• **Assignment**
Lift out all lines below that contain "diagram".

Provided information below:

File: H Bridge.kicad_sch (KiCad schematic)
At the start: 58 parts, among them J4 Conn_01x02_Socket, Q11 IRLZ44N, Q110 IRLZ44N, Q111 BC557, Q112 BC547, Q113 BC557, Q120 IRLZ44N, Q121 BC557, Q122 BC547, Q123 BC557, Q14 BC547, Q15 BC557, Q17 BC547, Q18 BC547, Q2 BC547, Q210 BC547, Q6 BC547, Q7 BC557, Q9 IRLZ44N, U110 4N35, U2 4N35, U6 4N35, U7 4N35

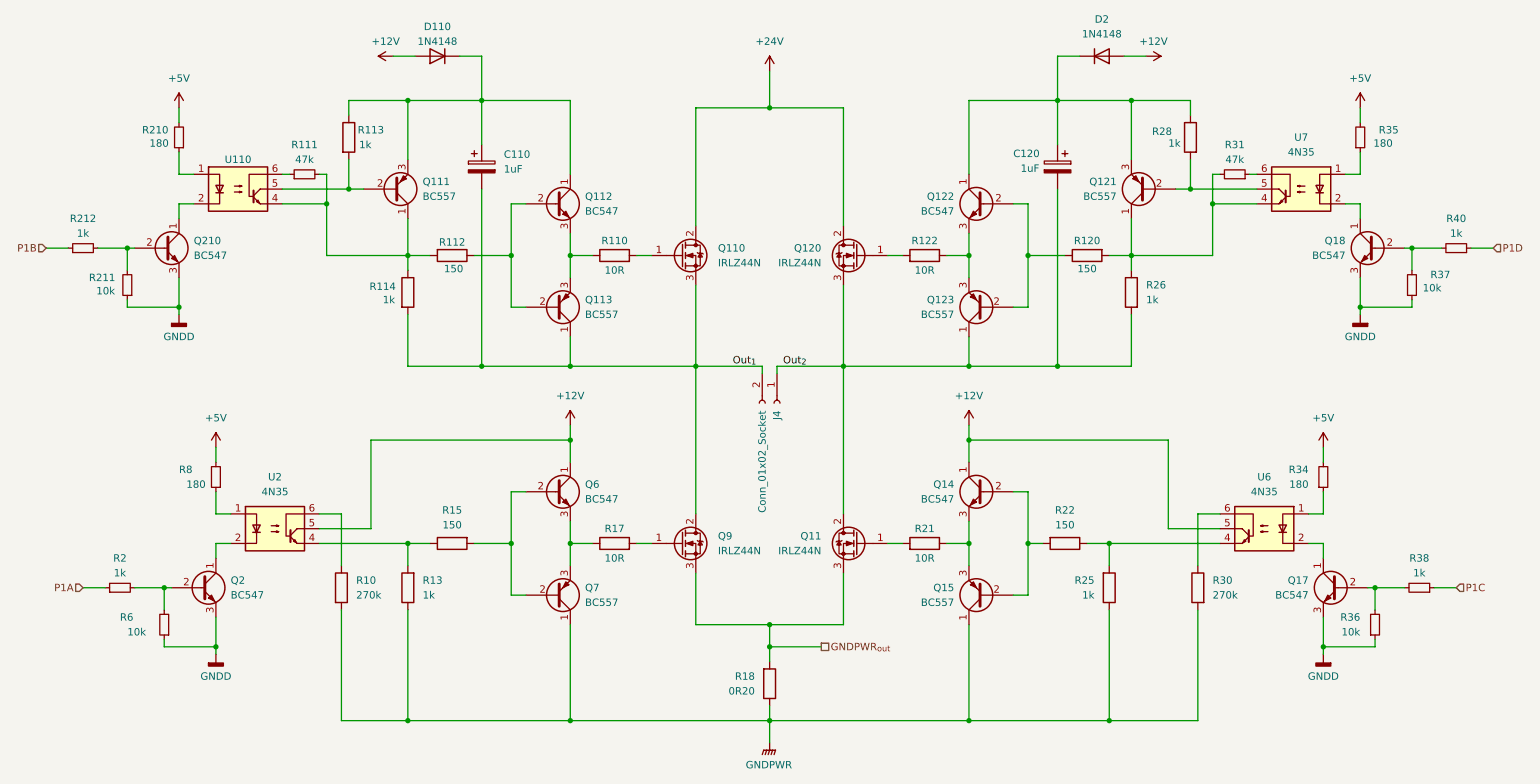
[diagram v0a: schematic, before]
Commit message: Placement H bridge & PSU
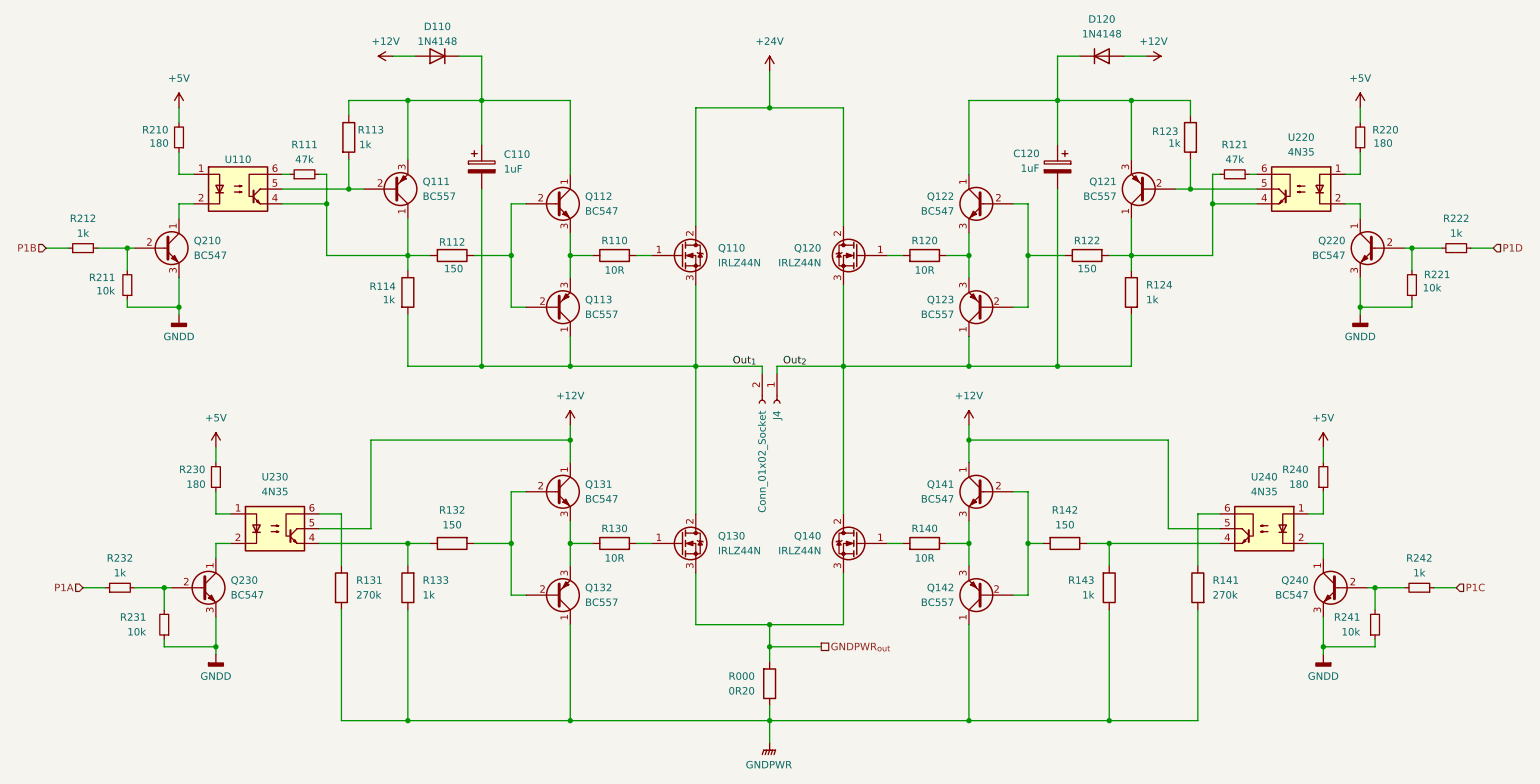
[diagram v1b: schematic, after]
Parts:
- renumbered D2 to D120, Q9 to Q130, Q6 to Q131, Q7 to Q132, Q11 to Q140, Q14 to Q141, Q15 to Q142, Q18 to Q220, Q2 to Q230, Q17 to Q240, R18 to R000, R122 to R120, R31 to R121, R120 to R122, R28 to R123, R26 to R124, R17 to R130, R10 to R131, R15 to R132, R13 to R133, R21 to R140, R30 to R141, R22 to R142, R25 to R143, R35 to R220, R37 to R221, R40 to R222, R8 to R230, R6 to R231, R2 to R232, R34 to R240, R36 to R241, R38 to R242, U7 to U220, U2 to U230, U6 to U240
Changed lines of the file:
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@@
 		(on_board yes)
 		(dnp no)
-		(property "Reference" "R122"
+		(property "Reference" "R120"
 			(at 175.26 64.77 90)
 			(effects
@@
 		(dnp no)
 		(fields_autoplaced yes)
-		(property "Reference" "R36"
+		(property "Reference" "R241"
 			(at 250.19 129.5399 0)
 			(effects
@@
 		(on_board yes)
 		(dnp no)
-		(property "Reference" "R2"
+		(property "Reference" "R232"
 			(at 36.83 119.38 90)
 			(effects
@@
 		(on_board yes)
 		(dnp no)
-		(property "Reference" "Q7"
+		(property "Reference" "Q132"
 			(at 116.84 124.4599 0)
 			(effects
@@
 		(dnp no)
 		(fields_autoplaced yes)
-		(property "Reference" "Q11"
+		(property "Reference" "Q140"
 			(at 157.48 115.5699 0)
 			(effects
@@
 		(dnp no)
 		(fields_autoplaced yes)
-		(property "Reference" "U7"
+		(property "Reference" "U220"
 			(at 240.03 46.99 0)
 			(effects
@@
 		(dnp no)
 		(fields_autoplaced yes)
-		(property "Reference" "R30"
+		(property "Reference" "R141"
 			(at 224.79 123.1899 0)
 			(effects
@@
 		(dnp no)
 		(fields_autoplaced yes)
-		(property "Reference" "Q14"
+		(property "Reference" "Q141"
 			(at 180.34 106.6799 0)
 			(effects
@@
 		(on_board yes)
 		(dnp no)
-		(property "Reference" "R8"
+		(property "Reference" "R230"
 			(at 46.99 104.14 0)
 			(effects
@@
 		(on_board yes)
 		(dnp no)
-		(property "Reference" "U2"
+		(property "Reference" "U230"
 			(at 63.5 105.41 0)
 			(effects
@@
 		(on_board yes)
 		(dnp no)
-		(property "Reference" "Q15"
+		(property "Reference" "Q142"
 			(at 180.34 124.4599 0)
 			(effects
@@
 		(dnp no)
 		(fields_autoplaced yes)
-		(property "Reference" "D2"
+		(property "Reference" "D120"
 			(at 205.74 26.67 0)
 			(effects
@@
 		(on_board yes)
 		(dnp no)
-		(property "Reference" "R6"
+		(property "Reference" "R231"
 			(at 36.83 129.54 0)
 			(effects
@@
 		(dnp no)
 		(fields_autoplaced yes)
-		(property "Reference" "R10"
+		(property "Reference" "R131"
 			(at 77.47 123.1899 0)
 			(effects
@@
 		(on_board yes)
 		(dnp no)
-		(property "Reference" "R34"
+		(property "Reference" "R240"
 			(at 241.3 104.1399 0)
 			(effects
@@
 		(dnp no)
 		(fields_autoplaced yes)
-		(property "Reference" "Q17"
+		(property "Reference" "Q240"
 			(at 241.3 123.1899 0)
 			(effects
@@
 		(dnp no)
 		(fields_autoplaced yes)
-		(property "Reference" "Q9"
+		(property "Reference" "Q130"
 			(at 139.7 115.5699 0)
 			(effects
@@
 		(on_board yes)
 		(dnp no)
-		(property "Reference" "R37"
+		(property "Reference" "R221"
 			(at 265.684 70.612 0)
 			(effects
@@
 		(on_board yes)
 		(dnp no)
-		(property "Reference" "R15"
+		(property "Reference" "R132"
 			(at 93.98 111.125 90)
 			(effects
@@
 		(dnp no)
 		(fields_autoplaced yes)
-		(property "Reference" "R18"
+		(property "Reference" "R000"
 			(at 146.05 139.6999 0)
 			(effects
@@
 			(project "Motor Control"
 				(path "/287fa568-d091-4161-b3b2-3036dfbfe9fa/78ba1051-b673-42a0-97cc-c42edd42c782"
-					(reference "R18")
+					(reference "R000")
 					(unit 1)
 				)
@@
 		(dnp no)
 		(fields_autoplaced yes)
-		(property "Reference" "Q18"
+		(property "Reference" "Q220"
 			(at 247.65 64.7699 0)
 			(effects
@@
 		(on_board yes)
 		(dnp no)
-		(property "Reference" "R35"
+		(property "Reference" "R220"
 			(at 256.794 45.72 0)
 			(effects
@@
 		(dnp no)
 		(fields_autoplaced yes)
-		(property "Reference" "R13"
+		(property "Reference" "R133"
 			(at 88.9 123.1899 0)
 			(effects
@@
 		(dnp no)
 		(fields_autoplaced yes)
-		(property "Reference" "R25"
+		(property "Reference" "R143"
 			(at 204.47 123.1899 0)
 			(effects
@@
 		(on_board yes)
 		(dnp no)
-		(property "Reference" "R26"
+		(property "Reference" "R124"
 			(at 213.36 72.3899 0)
 			(effects
@@
 		(on_board yes)
 		(dnp no)
-		(property "Reference" "R17"
+		(property "Reference" "R130"
 			(at 121.92 114.3 90)
 			(effects
@@
 		(dnp no)
 		(fields_autoplaced yes)
-		(property "Reference" "R38"
+		(property "Reference" "R242"
 			(at 260.35 119.38 90)
 			(effects
@@
 		(on_board yes)
 		(dnp no)
-		(property "Reference" "U6"
+		(property "Reference" "U240"
 			(at 233.68 105.41 0)
 			(effects
@@
 		(on_board yes)
 		(dnp no)
-		(property "Reference" "R28"
+		(property "Reference" "R123"
 			(at 214.376 45.974 0)
 			(effects
@@
 		(on_board yes)
 		(dnp no)
-		(property "Reference" "R22"
+		(property "Reference" "R142"
 			(at 199.39 111.125 90)
 			(effects
@@
 		(dnp no)
 		(fields_autoplaced yes)
-		(property "Reference" "Q6"
+		(property "Reference" "Q131"
 			(at 116.84 106.6799 0)
 			(effects
@@
 		(on_board yes)
 		(dnp no)
-		(property "Reference" "R21"
+		(property "Reference" "R140"
 			(at 175.26 114.3 90)
 			(effects
@@
 		(dnp no)
 		(fields_autoplaced yes)
-		(property "Reference" "Q2"
+		(property "Reference" "Q230"
 			(at 55.88 123.1899 0)
 			(effects
@@
 		(on_board yes)
 		(dnp no)
-		(property "Reference" "R31"
+		(property "Reference" "R121"
 			(at 228.6 48.26 90)
 			(effects
@@
 		(dnp no)
 		(fields_autoplaced yes)
-		(property "Reference" "R40"
+		(property "Reference" "R222"
 			(at 266.7 60.96 90)
 			(effects
@@
 		(on_board yes)
 		(dnp no)
-		(property "Reference" "R120"
+		(property "Reference" "R122"
 			(at 203.2 64.77 90)
 			(effects

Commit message: Update 090725
New footprints added
Schematic made into sub schematics
PCB needs work
Component references need to be sorted for the most part
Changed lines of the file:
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@@
 (kicad_sch
-	(version 20231120)
+	(version 20250114)
 	(generator "eeschema")
-	(generator_version "8.0")
+	(generator_version "9.0")
 	(paper "A4")
 	(title_block
@@
 	(label "Out_{1}"
 		(at 142.24 86.36 0)
-		(fields_autoplaced yes)
 		(effects
 			(font
@@
 	(label "Out_{2}"
 		(at 154.94 86.36 180)
-		(fields_autoplaced yes)
 		(effects
 			(font
@@
 		(shape input)
 		(at 30.48 124.46 180)
-		(fields_autoplaced yes)
 		(effects
 			(font
@@
 		(shape input)
 		(at 273.05 66.04 0)
-		(fields_autoplaced yes)
 		(effects
 			(font
@@
 		(shape input)
 		(at 24.13 66.04 180)
-		(fields_autoplaced yes)
 		(effects
 			(font
@@
 		(shape passive)
 		(at 157.48 134.62 0)
-		(fields_autoplaced yes)
 		(effects
 			(font
@@
 		(shape input)
 		(at 266.7 124.46 0)
-		(fields_autoplaced yes)
 		(effects
 			(font

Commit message: V 1.0 fabrication output
V 1.0 ready for fabrication
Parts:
- Q110, Q120, Q130, Q140: footprint Package_TO_SOT_THT:TO-220-3_Horizontal_TabDown -> User:TO-220-3_Horizontal_TabDown_HoleToCenter
- renumbered U110 to U210
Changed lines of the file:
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@@
 		(title "Motor Control")
 		(date "2025-07-03")
-		(rev "0.1.0")
+		(rev "1.0")
 		(company "AARHUS TECH")
 	)
@@
 			)
 		)
-		(property "Footprint" "Package_TO_SOT_THT:TO-220-3_Horizontal_TabDown"
+		(property "Footprint" "User:TO-220-3_Horizontal_TabDown_HoleToCenter"
 			(at 139.7 69.215 0)
 			(effects
@@
 			)
 		)
-		(property "Footprint" "Package_TO_SOT_THT:TO-220-3_Horizontal_TabDown"
+		(property "Footprint" "User:TO-220-3_Horizontal_TabDown_HoleToCenter"
 			(at 157.48 118.745 0)
 			(effects
@@
 			)
 		)
-		(property "Footprint" "Package_TO_SOT_THT:TO-220-3_Horizontal_TabDown"
+		(property "Footprint" "User:TO-220-3_Horizontal_TabDown_HoleToCenter"
 			(at 158.75 69.215 0)
 			(effects
@@
 			)
 		)
-		(property "Footprint" "Package_TO_SOT_THT:TO-220-3_Horizontal_TabDown"
+		(property "Footprint" "User:TO-220-3_Horizontal_TabDown_HoleToCenter"
 			(at 139.7 118.745 0)
 			(effects
@@
 		(on_board yes)
 		(dnp no)
-		(property "Reference" "U110"
+		(property "Reference" "U210"
 			(at 57.15 50.8 0)
 			(effects
@@
 			(project "Motor Control"
 				(path "/287fa568-d091-4161-b3b2-3036dfbfe9fa/78ba1051-b673-42a0-97cc-c42edd42c782"
-					(reference "U110")
+					(reference "U210")
 					(unit 1)
 				)

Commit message: Partnumbers
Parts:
- U210, U220, U230, U240: Part number (none) -> 1021351; Supplier (none) -> Farnell

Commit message: BOM
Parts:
- C110, C120: value 1uF -> 2.2uF; Part number (none) -> 8766797; Supplier (none) -> Farnell
- D110, D120: Part number (none) -> 00.001.4148; Supplier (none) -> Cypax
- Q110, Q120, Q130, Q140: Part number (none) -> 8651418; Supplier (none) -> Farnell
- Q111, Q113, Q121, Q123, Q132, Q142: Part number (none) -> 01.020.0557; Supplier (none) -> Cypax
- Q112, Q122, Q131, Q141, Q210, Q220, Q230, Q240: Part number (none) -> 01.020.0547; Supplier (none) -> Cypax
- R000: Part number (none) -> 846-9836; Supplier (none) -> RS
- R110, R120, R130, R140: Part number (none) -> 05.000.0210; Supplier (none) -> Cypax
- R111, R121: Part number (none) -> 05.000.0547; Supplier (none) -> Cypax
- R112, R122, R132, R142: Part number (none) -> 05.000.0315; Supplier (none) -> Cypax
- R113, R114, R123, R124, R133, R143, R212, R222, R232, R242: Part number (none) -> 05.000.0410; Supplier (none) -> Cypax
- R131, R141: Part number (none) -> 05.000.0627; Supplier (none) -> Cypax
- R210, R220, R230, R240: Part number (none) -> 05.000.0318; Supplier (none) -> Cypax
- R211, R221, R231, R241: Part number (none) -> 05.000.0510; Supplier (none) -> Cypax

End of Provided information.

• **Output for this task**
[diagram v0a: schematic, before]
[diagram v1b: schematic, after]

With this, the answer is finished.